History at the Library-Chapter 21: Thus, his words could be interpreted as I’ll make you into an Empress.
Thus, his words could be interpreted as I’ll make you into an Empress.
The Fromandi Household sold off Carden to the Capital at the chance for wealth, fame, and authority that had walked in. They had brainwashed her that if she became the Empress, she could raise the status of the household.
After she had entered society by force, she went through all different eventful days and had been named the Flower of Society by the Emperor as Duke Biron had promised.
Lady of Lilies.
It was the nomination that Vivian had also recently heard. Since everyone had called her Lily instead of her given name – she hadn’t even thought that Carden would be the Lady of Lilies.
However, if the story ended there, it could be seen as a happy ending. Wasn’t it the want of aristocratic ladies to become the Flower of Society who command all the men of the Capital with a twitch of a finger?
However, unfortunately, this was not a story, but reality. Carden was being tortured in between the Emperor and Duke Biron in the present progressive case.
She was stuck in between the man she truly loved and the man she had to marry to raise the reputation of her household.
Carden was the kind of person who was unable to express herself to the point of frustration of others. She smiled when she liked it, disliked it, or was in a difficult position. Her inherent kindness, she was stuck in between this man and that man, and unable to reject either of them. Her ambiguity had finally earned the hatred of the Duke she loved.
Of course, that didn’t mean that Carden was the only one at first. How was it her fault that only authoritative and selfish men appeared at her side?
Both the Emperor and the Duke strongly believed that their love was to be accepted and no matter how strongly the other party rejected them, neither had the capacity to listen to them and acted out violently.
Why was she associated herself with such bastards……, no, such people, was a question Vivian would never understand, and all she could do was accept the differences between her and Carden. Maybe she liked bada*ses.
Carden said she had started to sincerely love Duke Biron from some point in time. It wasn’t something that was imaginable from the current situation, but Duke had also sworn eternal love as well. However, ever since she’d become involved with the Emperor, everything had started to change little by little.
She wasn’t trying to quantify who did more right and wrong between the couple. However, the two seemed to have already crossed a river that shouldn’t have been crossed, and the deepened emotions seemed to only become hopelessly complicated.
Only
Just break up.
The words she had been unable to say at the time had come up to her throat.

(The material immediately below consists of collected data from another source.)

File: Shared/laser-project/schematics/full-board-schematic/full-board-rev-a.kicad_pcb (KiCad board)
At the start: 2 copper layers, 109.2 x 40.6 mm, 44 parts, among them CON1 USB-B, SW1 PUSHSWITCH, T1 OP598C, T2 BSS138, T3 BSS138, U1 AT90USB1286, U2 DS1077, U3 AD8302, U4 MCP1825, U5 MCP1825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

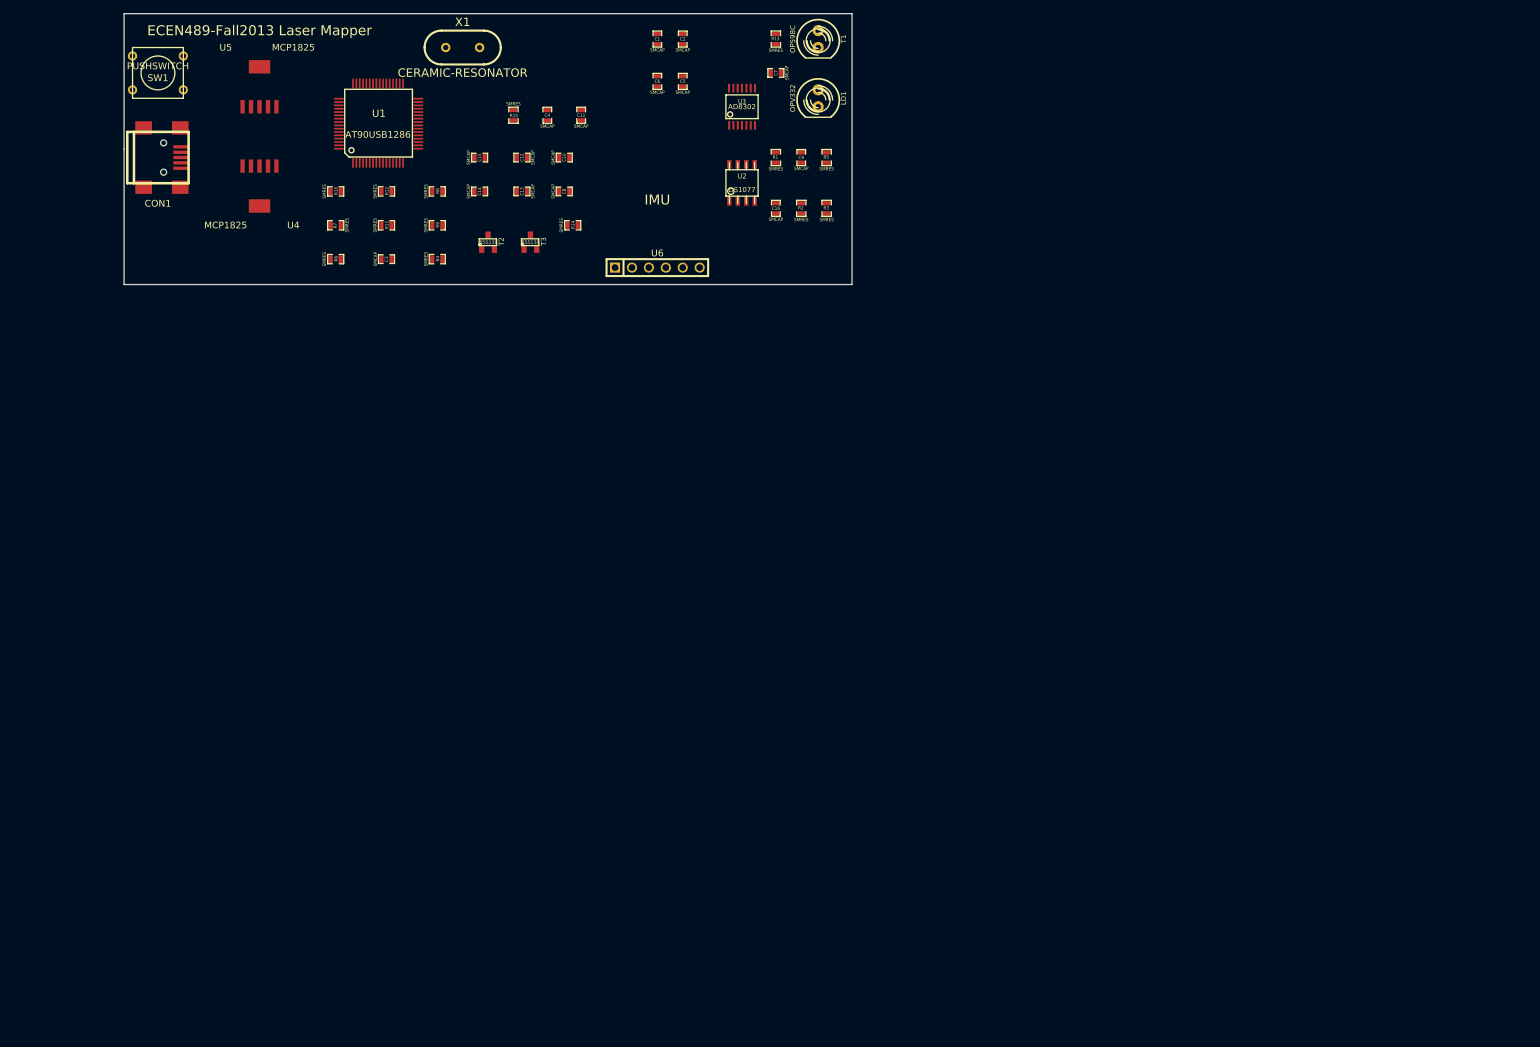
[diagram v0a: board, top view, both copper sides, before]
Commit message: 
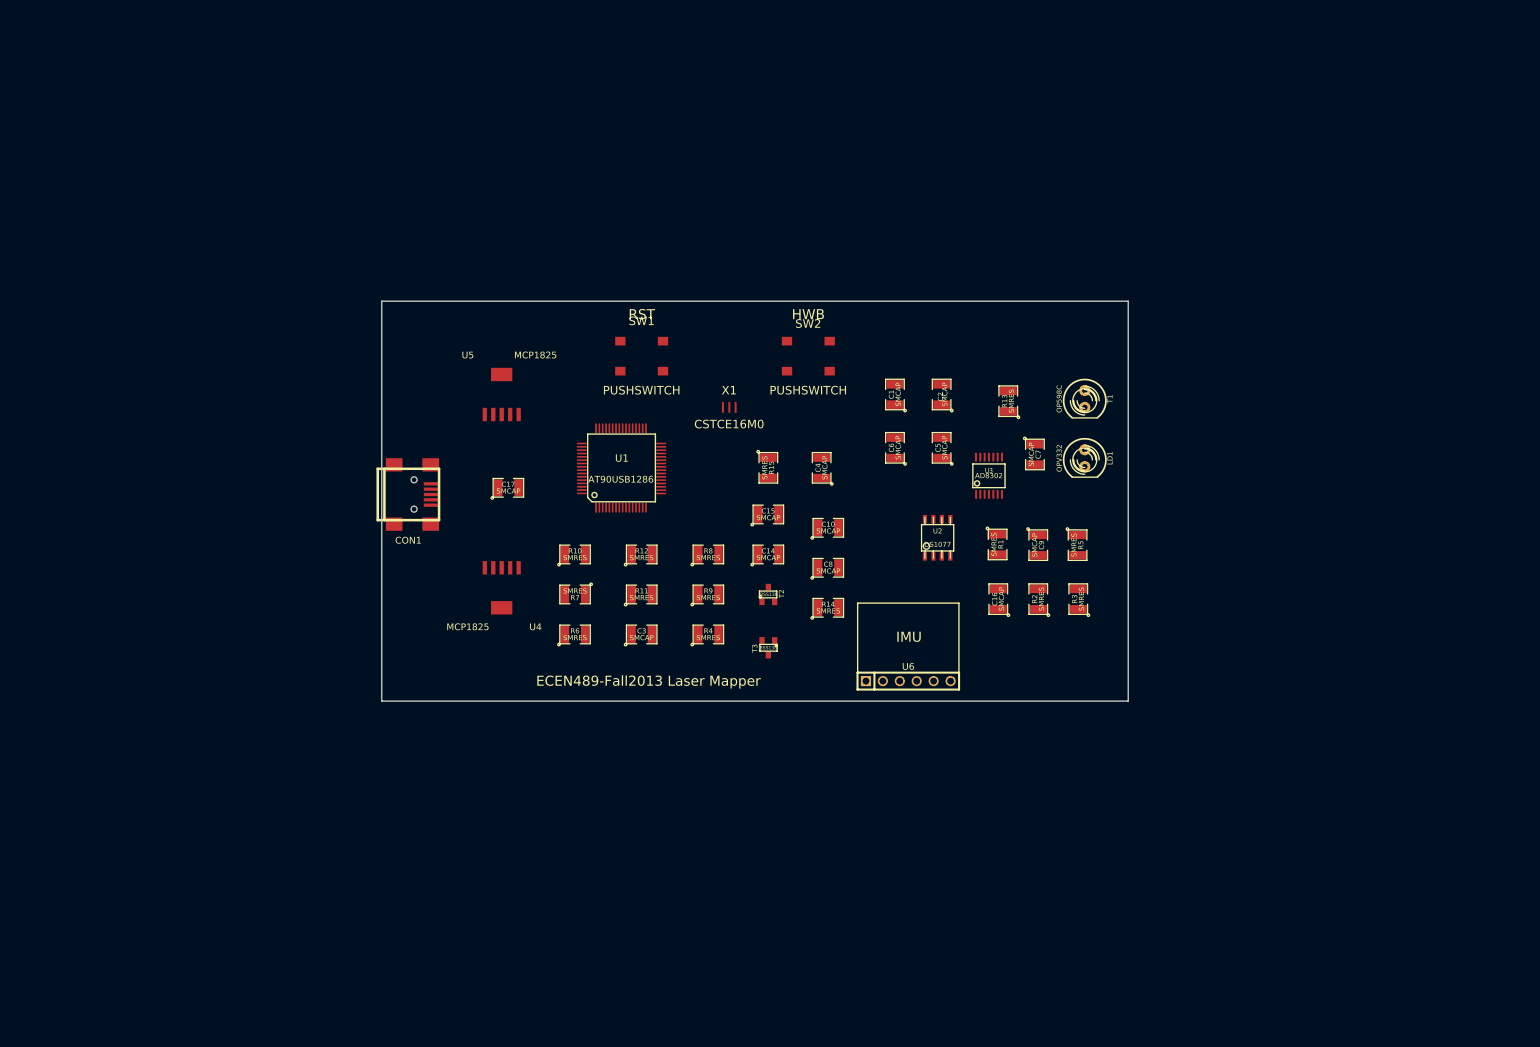
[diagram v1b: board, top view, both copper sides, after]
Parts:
- removed C11, C12, C13: SMCAP, SM0603_Capa
- added C17: SMCAP, SM1210, F.Cu at (111.0, 94.0)
- added SW2: PUSHSWITCH, SW, F.Cu at (156.0, 72.0)
- C1, C10, C14, C15, C16, C2, C3, C4, C5, C6, C7, C8, C9: footprint SM0603_Capa -> SM1210
- CON1: value USB-B -> USB-MINI-B
- R1, R10, R11, R12, R13, R14, R15, R2, R3, R4, R5, R6, R7, R8, R9: footprint SM0603_Resistor -> SM1210
- SW1: footprint SW_PUSH_SMALL -> SW
- X1: value CERAMIC-RESONATOR -> CSTCE16M0; footprint HC-49V -> 16MHzRES
- moved SW1 83.0 mm to (131.0, 72.0)
- moved U6 72.6 mm to (171.0, 123.0)
- moved T3 70.5 mm to (150.0, 118.0), turned to 180 degrees
- moved U4 70.4 mm to (110.0, 106.0)
- moved R3 69.7 mm to (196.5, 110.7)
- moved C14 69.6 mm to (150.0, 104.0)
- moved R4 69.5 mm to (141.0, 116.0)
- moved R5 69.3 mm to (196.4, 102.6), turned to 270 degrees
- moved C7 69.2 mm to (190.0, 89.0), turned to 270 degrees
- moved R14 69.0 mm to (159.0, 112.0)
- moved C8 69.0 mm to (159.0, 106.0)
- moved C15 68.9 mm to (150.0, 98.0)
- moved R9 68.7 mm to (141.0, 110.0)
- moved R2 68.6 mm to (190.5, 110.7)
- moved C10 68.2 mm to (159.0, 100.0)
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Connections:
- CON1 pad 4: GND -> (no net)
- CON1 pad 5: (no net) -> GND
- R10 pad 2: N-000009 -> /regulator_3.3V
- R6 pad 2: N-0000015 -> (no net)
- U1 pad 1: /E6 -> (no net)
- U1 pad 10: /B0 -> (no net)
- U1 pad 11: /B1 -> (no net)
- U1 pad 12: /B2 -> (no net)
- U1 pad 13: /B3 -> (no net)
- U1 pad 14: /B4 -> (no net)
- U1 pad 15: /B5 -> (no net)
- U1 pad 16: /B6 -> (no net)
- U1 pad 17: /B7 -> (no net)
- U1 pad 18: /E4 -> (no net)
- U1 pad 19: /E5 -> (no net)
- U1 pad 2: /E7 -> (no net)
- U1 pad 21: N-0000073 -> /regulator_5V
- U1 pad 27: /D2 -> (no net)
- U1 pad 28: /D3 -> (no net)
- U1 pad 29: /D4 -> (no net)
- U1 pad 30: /D5 -> (no net)
- U1 pad 31: /D6 -> (no net)
- U1 pad 32: /D7 -> (no net)
- U1 pad 33: /E0 -> (no net)
- U1 pad 34: /E1 -> (no net)
- U1 pad 37: /C2 -> (no net)
- U1 pad 38: /C3 -> (no net)
- U1 pad 39: /C4 -> (no net)
- U1 pad 40: /C5 -> (no net)
- U1 pad 41: /C6 -> (no net)
- U1 pad 42: /C7 -> (no net)
- U1 pad 43: N-0000069 -> /hwb_sig
- U1 pad 44: /A7 -> (no net)
- U1 pad 45: /A6 -> (no net)
- U1 pad 46: /A5 -> (no net)
- U1 pad 47: /A4 -> (no net)
- U1 pad 48: /A3 -> (no net)
- U1 pad 49: /A2 -> (no net)
- U1 pad 50: /A1 -> (no net)
- U1 pad 51: /A0 -> (no net)
- U1 pad 52: N-0000068 -> /regulator_5V
- U1 pad 54: /F7 -> (no net)
- U1 pad 55: /F6 -> (no net)
- U1 pad 56: /F5 -> (no net)
- U1 pad 57: /F4 -> (no net)
- U1 pad 58: /F3 -> (no net)
- U1 pad 59: /F2 -> (no net)
- U1 pad 64: N-0000074 -> /regulator_5V
- U1 pad 9: N-0000071 -> (no net)
- U2 pad 2: N-0000064 -> (no net)
- U6 pad 1: N-0000046 -> (no net)
- U6 pad 2: N-0000047 -> (no net)
- X1 pad 1: /xtal1_sig -> /xtal2_sig
- X1 pad 2: /xtal2_sig -> GND
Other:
- board size 109.2 x 40.6 mm -> 112 x 60 mm
- net class Default: clearance 0.01 -> 0.5
- rule trace_clearance: 0.01 -> 0.5
- board text added: "HWB"
- board text added: "RST"

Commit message: Had forgotten to replace some labels.
While debugging, I had moved some regulator_5V labels to see if they
were causing a problem.  They weren't, but I forgot to move them back.
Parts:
- CON1: footprint USB_MINI_B -> usb-mini-b
- moved R9 37.6 mm to (105.7, 97.3)
- moved R8 36.9 mm to (105.7, 93.2)
- moved C17 17.9 mm to (101.1, 109.0)
- moved U1 3.47 mm to (125.0, 93.0), turned to 270 degrees
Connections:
- R6 pad 2: (no net) -> /regulator_5V
- U3 pad 4: /regulator_5V -> /ad8302_vpos

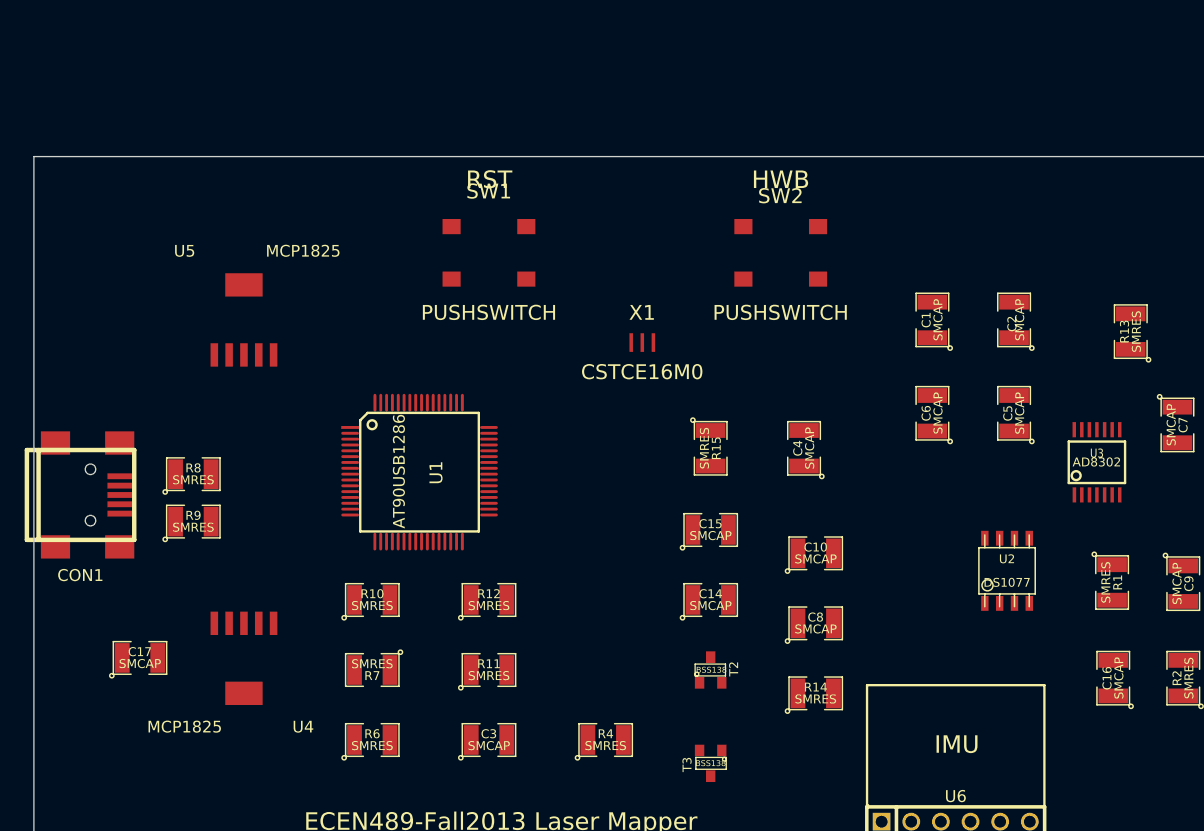
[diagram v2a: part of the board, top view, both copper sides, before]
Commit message: Routing progress.
Have routed the two power supplies and their supporting circuitry.
Each of these modules only requires the front side of the board.
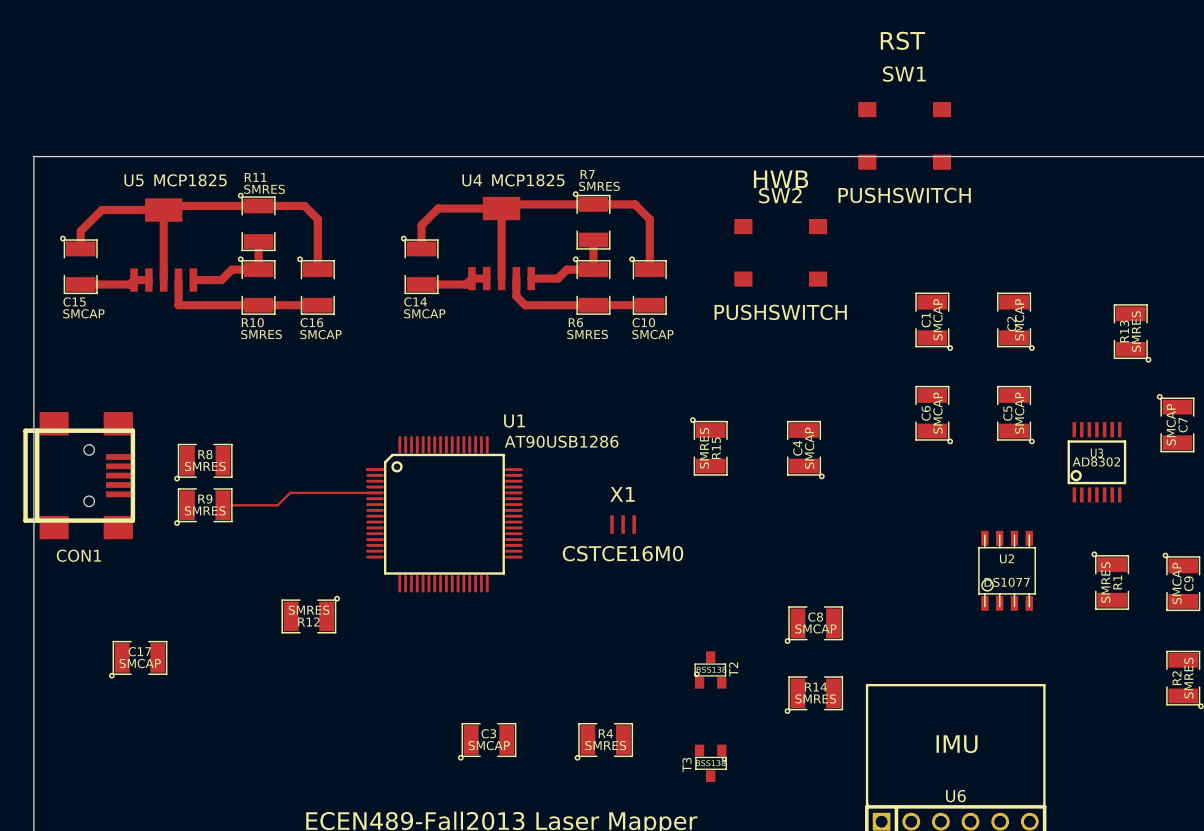
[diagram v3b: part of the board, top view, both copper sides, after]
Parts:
- moved C16 75.9 mm to (116.3, 77.2), turned to 270 degrees
- moved C15 58.5 mm to (96.0, 75.4), turned to 270 degrees
- moved R6 43.2 mm to (140.0, 77.2), turned to 270 degrees
- moved R11 43.0 mm to (111.3, 71.8), turned to 270 degrees
- moved R7 42.8 mm to (140.0, 71.6), turned to 270 degrees
- moved C14 37.8 mm to (125.2, 75.4), turned to 270 degrees
- moved SW1 37.0 mm to (166.6, 62.0)
- moved U4 36.9 mm to (132.1, 76.5), turned to 0 degrees
- moved R10 28.5 mm to (111.3, 77.2), turned to 270 degrees
- moved C10 26.9 mm to (144.8, 77.2), turned to 270 degrees
- moved X1 15.7 mm to (142.5, 97.5)
- moved R12 15.5 mm to (115.6, 105.4), turned to 180 degrees
- moved U5 9.41 mm to (103.1, 76.6)
- moved U1 4.19 mm to (127.1, 96.6)
- moved R9 1.73 mm to (106.7, 95.9)
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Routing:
- net GND: track 0.00 -> 66.7 mm
- net /regulator_3.3V: track 0.00 -> 14.1 mm
- net N-000002: track 0.00 -> 13.5 mm
- net /regulator_5V: track 0.00 -> 13.3 mm
- net /usb_5V: track 0.00 -> 11.8 mm
- net N-000006: track 0.00 -> 8.37 mm
- net N-000004: track 0.00 -> 8.19 mm
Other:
- net class Default: clearance 0.5 -> 0.2; trace_width 0.254 -> 0.2
- rule trace_clearance: 0.5 -> 0.2
- rule trace_min: 0.254 -> 0.2

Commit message: Continued routing work.
I still need to add some encoder interface pins.
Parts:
- added CON2: JTAG-10MIL-HDR, JTAG-10mil-hdr, F.Cu at (194.6, 122.2)
- moved C3 79.4 mm to (210.1, 109.0)
- moved R4 70.8 mm to (209.3, 97.3)
- moved C8 69.4 mm to (228.3, 107.7)
- moved C6 61.1 mm to (228.3, 102.6), turned to 0 degrees
- moved U3 56.8 mm to (238.5, 104.9), turned to 270 degrees
- moved C5 53.3 mm to (228.3, 98.0), turned to 0 degrees
- moved C7 44.9 mm to (228.3, 112.3), turned to 0 degrees
- moved R2 34.4 mm to (223.3, 100.3)
- moved R3 26.8 mm to (223.3, 110.0), turned to 270 degrees
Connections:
- U1 pad 54: (no net) -> /jtag_tdi
- U1 pad 55: (no net) -> /jtag_tdo
- U1 pad 56: (no net) -> /jtag_tms
- U1 pad 57: (no net) -> /jtag_tck
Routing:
- net /ad8302_inpb: track 0.00 -> 9.10 mm
- net /ad8302_inpa: track 0.00 -> 8.59 mm
- net GND: track 66.7 -> 74.4 mm
- net /ad8302_ofsb: track 0.00 -> 6.87 mm
- net /ad8302_ofsa: track 0.00 -> 6.53 mm

It would become chaotic if one applied the theories of novels to reality. This was what Vivian had realized.
There is nothing left in this world when you hide your feelings.
She understood that it was painful to not be able to sufficiently express your affection when the other person had been able to express her affection fully. If one didn’t say how much they loved their beloved, no matter how much you shouted your love after their relationship had become twisted, they would not hear it. There was nothing worse than a relationship where love only hurt them more separation.
Her relationship with Ray was of passing acquaintances – they did not ask about each other, let alone whisper their affections towards each other. However, it would be disappointing to just become strangers, and she had decided it would be better to passionately thrust herself onto him even if she was rejected.
I don’t even wish to be the protagonist. But I don’t want to be remembered as extra 1 by Ray.
Vivian had a shameless personality that didn’t have even a touch of shyness, but she was still the type of person to never reveal her feelings in front of the person she liked. It was a result of being single for so long and thought that it was pointless because of her chastity oath.